As for the men’s costumes, the sillier, the better, and for sure there is a bit of the Feast of Fools, which we saw during the Twelve Days of Christmas, that comes into play on Plough Monday. It is traditional for one man in each Plough Monday gathering to dress as the Bessy, an old woman who we can link firmly to pagan goddess celebrations: she is the personification of the hag, the old woman of winter who, in the seasonal round of the year, will transform come spring into the virginal young goddess. And spring is not that far away in this world of spiraling circular tradition: Come February 2, we are halfway between Midwinter Solstice and Spring Equinox, a day marked by the holidays Candlemas, Imbolc, and Groundhog Day. It is a day seen in the traditional reckoning of time as spring’s first stirrings, even if winter still holds a strong grip. Though it still be cold, the sun is gaining strength by then, with considerably more daylight on the 2nd of February than there was on the 21st of December.

Meanwhile, in the Netherlands, this same Monday after Epiphany was an important day in the printing trade. It was known as Copperman’s Day.

COPPERMAN’S DAY
First Monday after Epiphany
The young Dutch printshop apprentices would be given the day off on this First Monday after Epiphany so they could work on a project of their own and show off the skills they’d learnt from the master printers. Copperman’s Day prints were typically small keepsakes sold for a copper apiece.

Seth Thompson and I have been printing Copperman’s Day prints from handset metal and wood types here at our Lake Worth print shop since 2014. Our first three were inspired by a Christmas Eve letter written by Fra Giovanni Giocando in 1513. In his letter, Fra Giovanni implores us to “take joy, take peace, take heaven.” The following year’s print featured an old toast, “Wes Hel,” inspired by Christmastide. That was the year my father had suddenly taken ill, and Wes Hel, the source of the later Wassail, means “Good Health.” We never did get around to announcing last year’s print, and it suddenly seems a bit late at this late hour as I write this to add it to the online catalog. As for this year’s print, what will it be? Ah, well, we’ll leave both last year’s and this year’s as secrets for now, secrets that I’ll reveal perhaps in the next Convivio Book of Days post, or certainly soon after.

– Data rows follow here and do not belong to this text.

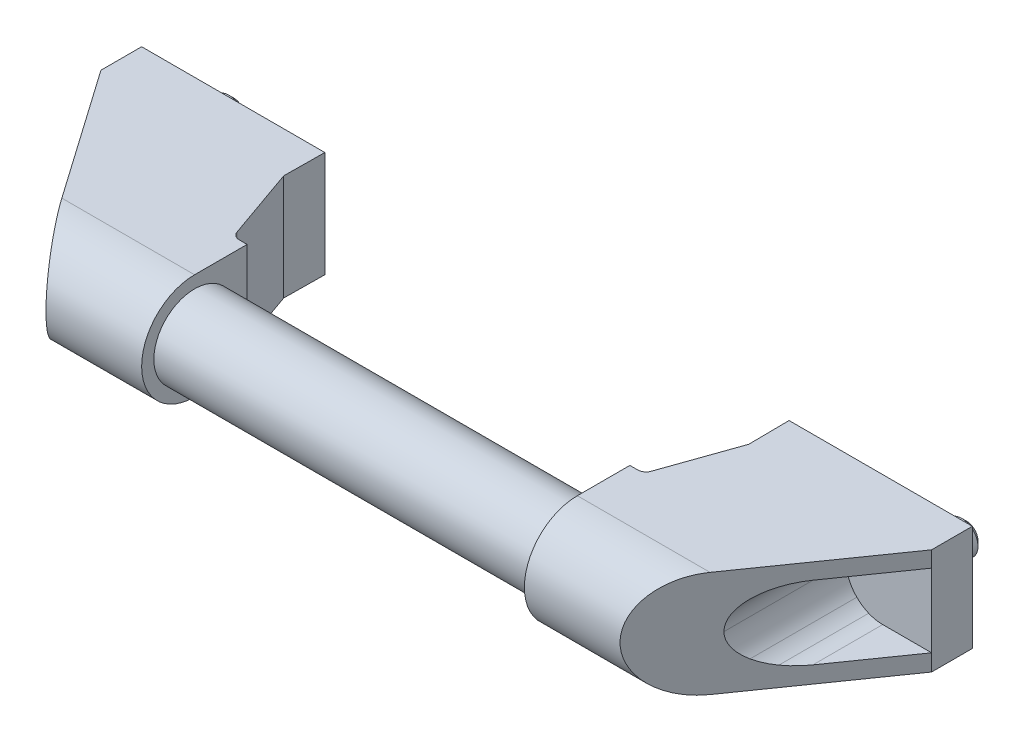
ISO-10303-21;
HEADER;
FILE_DESCRIPTION(('STEP AP214'),'2;1');
FILE_NAME('part.step','',(''),(''),'','','');
FILE_SCHEMA(('AUTOMOTIVE_DESIGN { 1 0 10303 214 1 1 1 1 }'));
ENDSEC;
DATA;
#1=APPLICATION_CONTEXT('core data for automotive mechanical design processes');
#2=APPLICATION_PROTOCOL_DEFINITION('international standard','automotive_design',2000,#1);
#3=PRODUCT_CONTEXT('',#1,'mechanical');
#4=PRODUCT('Part','Part','',(#3));
#5=PRODUCT_RELATED_PRODUCT_CATEGORY('part','',(#4));
#6=PRODUCT_DEFINITION_FORMATION('','',#4);
#7=PRODUCT_DEFINITION_CONTEXT('part definition',#1,'design');
#8=PRODUCT_DEFINITION('design','',#6,#7);
#9=PRODUCT_DEFINITION_SHAPE('','',#8);
#10=(LENGTH_UNIT() NAMED_UNIT(*) SI_UNIT(.MILLI.,.METRE.));
#11=(NAMED_UNIT(*) PLANE_ANGLE_UNIT() SI_UNIT($,.RADIAN.));
#12=(NAMED_UNIT(*) SI_UNIT($,.STERADIAN.) SOLID_ANGLE_UNIT());
#13=UNCERTAINTY_MEASURE_WITH_UNIT(LENGTH_MEASURE(1.E-05),#10,'distance_accuracy_value','');
#14=(GEOMETRIC_REPRESENTATION_CONTEXT(3) GLOBAL_UNCERTAINTY_ASSIGNED_CONTEXT((#13)) GLOBAL_UNIT_ASSIGNED_CONTEXT((#10,
#11,#12)) REPRESENTATION_CONTEXT('',''));
#15=CARTESIAN_POINT('',(0.,0.,0.));
#16=DIRECTION('',(0.,0.,1.));
#17=DIRECTION('',(1.,0.,0.));
#18=AXIS2_PLACEMENT_3D('',#15,#16,#17);
#19=CARTESIAN_POINT('',(43.,0.,42.));
#20=DIRECTION('',(-1.,0.,0.));
#21=DIRECTION('',(0.,1.,0.));
#22=AXIS2_PLACEMENT_3D('',#19,#20,#21);
#23=PLANE('',#22);
#24=DIRECTION('',(0.,1.,0.));
#25=VECTOR('',#24,1.);
#26=CARTESIAN_POINT('',(43.,-13.,29.106429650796));
#27=LINE('',#26,#25);
#28=CARTESIAN_POINT('',(43.,-13.,29.106429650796));
#29=VERTEX_POINT('',#28);
#30=CARTESIAN_POINT('',(43.,13.,29.106429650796));
#31=VERTEX_POINT('',#30);
#32=EDGE_CURVE('E403',#29,#31,#27,.T.);
#33=ORIENTED_EDGE('',*,*,#32,.T.);
#34=DIRECTION('',(0.,0.,-1.));
#35=VECTOR('',#34,1.);
#36=CARTESIAN_POINT('',(43.,13.,42.));
#37=LINE('',#36,#35);
#38=CARTESIAN_POINT('',(43.,13.,42.));
#39=VERTEX_POINT('',#38);
#40=EDGE_CURVE('E426',#39,#31,#37,.T.);
#41=ORIENTED_EDGE('',*,*,#40,.F.);
#42=CARTESIAN_POINT('',(43.,0.,42.));
#43=DIRECTION('',(1.,0.,0.));
#44=DIRECTION('',(0.,1.,0.));
#45=AXIS2_PLACEMENT_3D('',#42,#43,#44);
#46=CIRCLE('',#45,13.);
#47=CARTESIAN_POINT('',(43.,-13.,42.));
#48=VERTEX_POINT('',#47);
#49=EDGE_CURVE('E432',#39,#48,#46,.T.);
#50=ORIENTED_EDGE('',*,*,#49,.T.);
#51=DIRECTION('',(0.,0.,-1.));
#52=VECTOR('',#51,1.);
#53=CARTESIAN_POINT('',(43.,-13.,42.));
#54=LINE('',#53,#52);
#55=EDGE_CURVE('E429',#48,#29,#54,.T.);
#56=ORIENTED_EDGE('',*,*,#55,.T.);
#57=EDGE_LOOP('',(#33,#41,#50,#56));
#58=FACE_BOUND('',#57,.T.);
#59=CARTESIAN_POINT('',(43.,0.,42.));
#60=DIRECTION('',(-1.,0.,0.));
#61=DIRECTION('',(0.,0.,1.));
#62=AXIS2_PLACEMENT_3D('',#59,#60,#61);
#63=CIRCLE('',#62,10.);
#64=CARTESIAN_POINT('',(43.,0.,52.));
#65=VERTEX_POINT('',#64);
#66=EDGE_CURVE('E1265',#65,#65,#63,.T.);
#67=ORIENTED_EDGE('',*,*,#66,.T.);
#68=EDGE_LOOP('',(#67));
#69=FACE_BOUND('',#68,.T.);
#70=ADVANCED_FACE('F14',(#58,#69),#23,.F.);
#71=CARTESIAN_POINT('',(-12.,13.,0.));
#72=DIRECTION('',(0.,0.,-1.));
#73=DIRECTION('',(1.,0.,0.));
#74=AXIS2_PLACEMENT_3D('',#71,#72,#73);
#75=PLANE('',#74);
#76=DIRECTION('',(0.,-1.,0.));
#77=VECTOR('',#76,1.);
#78=CARTESIAN_POINT('',(13.,8.,0.));
#79=LINE('',#78,#77);
#80=CARTESIAN_POINT('',(13.,8.,0.));
#81=VERTEX_POINT('',#80);
#82=CARTESIAN_POINT('',(13.,-8.,0.));
#83=VERTEX_POINT('',#82);
#84=EDGE_CURVE('E318',#81,#83,#79,.T.);
#85=ORIENTED_EDGE('',*,*,#84,.T.);
#86=DIRECTION('',(-1.,0.,0.));
#87=VECTOR('',#86,1.);
#88=CARTESIAN_POINT('',(28.,-8.,0.));
#89=LINE('',#88,#87);
#90=CARTESIAN_POINT('',(28.,-8.,0.));
#91=VERTEX_POINT('',#90);
#92=EDGE_CURVE('E305',#91,#83,#89,.T.);
#93=ORIENTED_EDGE('',*,*,#92,.F.);
#94=DIRECTION('',(0.,1.,0.));
#95=VECTOR('',#94,1.);
#96=CARTESIAN_POINT('',(28.,-8.,0.));
#97=LINE('',#96,#95);
#98=CARTESIAN_POINT('',(28.,8.,0.));
#99=VERTEX_POINT('',#98);
#100=EDGE_CURVE('E287',#91,#99,#97,.T.);
#101=ORIENTED_EDGE('',*,*,#100,.T.);
#102=DIRECTION('',(1.,0.,0.));
#103=VECTOR('',#102,1.);
#104=CARTESIAN_POINT('',(13.,8.,0.));
#105=LINE('',#104,#103);
#106=EDGE_CURVE('E302',#81,#99,#105,.T.);
#107=ORIENTED_EDGE('',*,*,#106,.F.);
#108=EDGE_LOOP('',(#85,#93,#101,#107));
#109=FACE_BOUND('',#108,.T.);
#110=DIRECTION('',(0.,1.,0.));
#111=VECTOR('',#110,1.);
#112=CARTESIAN_POINT('',(33.,-13.,0.));
#113=LINE('',#112,#111);
#114=CARTESIAN_POINT('',(33.,-13.,0.));
#115=VERTEX_POINT('',#114);
#116=CARTESIAN_POINT('',(33.,13.,0.));
#117=VERTEX_POINT('',#116);
#118=EDGE_CURVE('E411',#115,#117,#113,.T.);
#119=ORIENTED_EDGE('',*,*,#118,.F.);
#120=DIRECTION('',(1.,0.,0.));
#121=VECTOR('',#120,1.);
#122=CARTESIAN_POINT('',(-12.,-13.,0.));
#123=LINE('',#122,#121);
#124=CARTESIAN_POINT('',(-12.,-13.,0.));
#125=VERTEX_POINT('',#124);
#126=EDGE_CURVE('E445',#125,#115,#123,.T.);
#127=ORIENTED_EDGE('',*,*,#126,.F.);
#128=DIRECTION('',(0.,-1.,0.));
#129=VECTOR('',#128,1.);
#130=CARTESIAN_POINT('',(-12.,13.,0.));
#131=LINE('',#130,#129);
#132=CARTESIAN_POINT('',(-12.,13.,0.));
#133=VERTEX_POINT('',#132);
#134=EDGE_CURVE('E437',#133,#125,#131,.T.);
#135=ORIENTED_EDGE('',*,*,#134,.F.);
#136=DIRECTION('',(1.,0.,0.));
#137=VECTOR('',#136,1.);
#138=CARTESIAN_POINT('',(-12.,13.,0.));
#139=LINE('',#138,#137);
#140=EDGE_CURVE('E442',#133,#117,#139,.T.);
#141=ORIENTED_EDGE('',*,*,#140,.T.);
#142=EDGE_LOOP('',(#119,#127,#135,#141));
#143=FACE_BOUND('',#142,.T.);
#144=CARTESIAN_POINT('',(0.,0.,0.));
#145=DIRECTION('',(0.,0.,-1.));
#146=DIRECTION('',(-1.,0.,0.));
#147=AXIS2_PLACEMENT_3D('',#144,#145,#146);
#148=CIRCLE('',#147,4.);
#149=CARTESIAN_POINT('',(-4.,0.,0.));
#150=VERTEX_POINT('',#149);
#151=EDGE_CURVE('E1259',#150,#150,#148,.T.);
#152=ORIENTED_EDGE('',*,*,#151,.F.);
#153=EDGE_LOOP('',(#152));
#154=FACE_BOUND('',#153,.T.);
#155=ADVANCED_FACE('F300',(#109,#143,#154),#75,.T.);
#156=CARTESIAN_POINT('',(-12.,-13.,10.));
#157=DIRECTION('',(0.819152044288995,0.,-0.573576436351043));
#158=DIRECTION('',(0.573576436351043,0.,0.819152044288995));
#159=AXIS2_PLACEMENT_3D('',#156,#157,#158);
#160=PLANE('',#159);
#161=DIRECTION('',(-0.573576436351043,0.,-0.819152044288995));
#162=VECTOR('',#161,1.);
#163=CARTESIAN_POINT('',(-12.,-8.90119415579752,10.));
#164=LINE('',#163,#162);
#165=CARTESIAN_POINT('',(7.15225743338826E-06,-8.90119415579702,27.137786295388));
#166=VERTEX_POINT('',#165);
#167=CARTESIAN_POINT('',(-12.,-8.90119415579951,10.));
#168=VERTEX_POINT('',#167);
#169=EDGE_CURVE('E473',#166,#168,#164,.T.);
#170=ORIENTED_EDGE('',*,*,#169,.T.);
#171=DIRECTION('',(0.,1.,0.));
#172=VECTOR('',#171,1.);
#173=CARTESIAN_POINT('',(-12.,-13.,10.));
#174=LINE('',#173,#172);
#175=CARTESIAN_POINT('',(-12.,-13.,10.));
#176=VERTEX_POINT('',#175);
#177=EDGE_CURVE('E421',#176,#168,#174,.T.);
#178=ORIENTED_EDGE('',*,*,#177,.F.);
#179=DIRECTION('',(0.573576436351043,0.,0.819152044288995));
#180=VECTOR('',#179,1.);
#181=CARTESIAN_POINT('',(-12.,-13.,10.));
#182=LINE('',#181,#180);
#183=CARTESIAN_POINT('',(10.4066412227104,-13.,42.));
#184=VERTEX_POINT('',#183);
#185=EDGE_CURVE('E417',#176,#184,#182,.T.);
#186=ORIENTED_EDGE('',*,*,#185,.T.);
#187=CARTESIAN_POINT('',(10.4066412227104,0.,42.));
#188=DIRECTION('',(-0.819152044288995,0.,0.573576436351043));
#189=DIRECTION('',(0.573576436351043,0.,0.819152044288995));
#190=AXIS2_PLACEMENT_3D('',#187,#188,#189);
#191=ELLIPSE('',#190,15.8700696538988,13.);
#192=CARTESIAN_POINT('',(10.4066412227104,13.,42.));
#193=VERTEX_POINT('',#192);
#194=EDGE_CURVE('E424',#184,#193,#191,.T.);
#195=ORIENTED_EDGE('',*,*,#194,.T.);
#196=DIRECTION('',(0.573576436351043,0.,0.819152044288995));
#197=VECTOR('',#196,1.);
#198=CARTESIAN_POINT('',(-12.,13.,10.));
#199=LINE('',#198,#197);
#200=CARTESIAN_POINT('',(-12.,13.,10.));
#201=VERTEX_POINT('',#200);
#202=EDGE_CURVE('E414',#201,#193,#199,.T.);
#203=ORIENTED_EDGE('',*,*,#202,.F.);
#204=CARTESIAN_POINT('',(-12.,9.09880893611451,10.));
#205=VERTEX_POINT('',#204);
#206=EDGE_CURVE('E420',#205,#201,#174,.T.);
#207=ORIENTED_EDGE('',*,*,#206,.F.);
#208=DIRECTION('',(-0.573576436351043,0.,-0.819152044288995));
#209=VECTOR('',#208,1.);
#210=CARTESIAN_POINT('',(-12.,9.09880893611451,10.));
#211=LINE('',#210,#209);
#212=CARTESIAN_POINT('',(0.,9.09880893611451,27.1377760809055));
#213=VERTEX_POINT('',#212);
#214=EDGE_CURVE('E452',#213,#205,#211,.T.);
#215=ORIENTED_EDGE('',*,*,#214,.F.);
#216=CARTESIAN_POINT('',(-6.61501418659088E-06,0.098772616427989,27.1377666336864));
#217=DIRECTION('',(-0.819152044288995,0.,0.573576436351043));
#218=DIRECTION('',(0.573576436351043,0.,0.819152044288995));
#219=AXIS2_PLACEMENT_3D('',#216,#217,#218);
#220=ELLIPSE('',#219,15.691084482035,9.0000363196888);
#221=CARTESIAN_POINT('',(3.44415099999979,8.4137249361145,32.0565334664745));
#222=VERTEX_POINT('',#221);
#223=EDGE_CURVE('E455',#222,#213,#220,.T.);
#224=ORIENTED_EDGE('',*,*,#223,.F.);
#225=CARTESIAN_POINT('',(-2.10368270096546E-05,0.0987787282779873,27.137746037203));
#226=DIRECTION('',(-0.819152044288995,0.,0.573576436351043));
#227=DIRECTION('',(0.573576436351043,0.,0.819152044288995));
#228=AXIS2_PLACEMENT_3D('',#225,#226,#227);
#229=ELLIPSE('',#228,15.6910842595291,9.00003619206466);
#230=CARTESIAN_POINT('',(6.36396099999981,6.4627699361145,36.22645429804));
#231=VERTEX_POINT('',#230);
#232=EDGE_CURVE('E458',#231,#222,#229,.T.);
#233=ORIENTED_EDGE('',*,*,#232,.F.);
#234=CARTESIAN_POINT('',(-3.070783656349E-05,0.098790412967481,27.13773222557));
#235=DIRECTION('',(-0.819152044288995,0.,0.573576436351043));
#236=DIRECTION('',(0.573576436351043,0.,0.819152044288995));
#237=AXIS2_PLACEMENT_3D('',#234,#235,#236);
#238=ELLIPSE('',#237,15.6910817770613,9.00003476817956);
#239=CARTESIAN_POINT('',(9.00000406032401,0.0988089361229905,39.9911139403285));
#240=VERTEX_POINT('',#239);
#241=EDGE_CURVE('E461',#240,#231,#238,.T.);
#242=ORIENTED_EDGE('',*,*,#241,.F.);
#243=CARTESIAN_POINT('',(-3.27593623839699E-05,0.0988180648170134,27.1377292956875));
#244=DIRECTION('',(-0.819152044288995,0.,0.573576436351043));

All of the images in today’s chapter, including those below, are taken from a small paperbound chapbook titled St. Distaff’s Day, printed letterpress by Elizabeth Mann and Margaret Evans of the Froben Press in 1938. The lovely illustrations are all by Janet Doe; the one that opens this chapter is of a distaff. I love the illustration of Mann and Evans at the handpress, with all the skirts and aprons. I’m often printing in just a pair of shorts. Times have changed.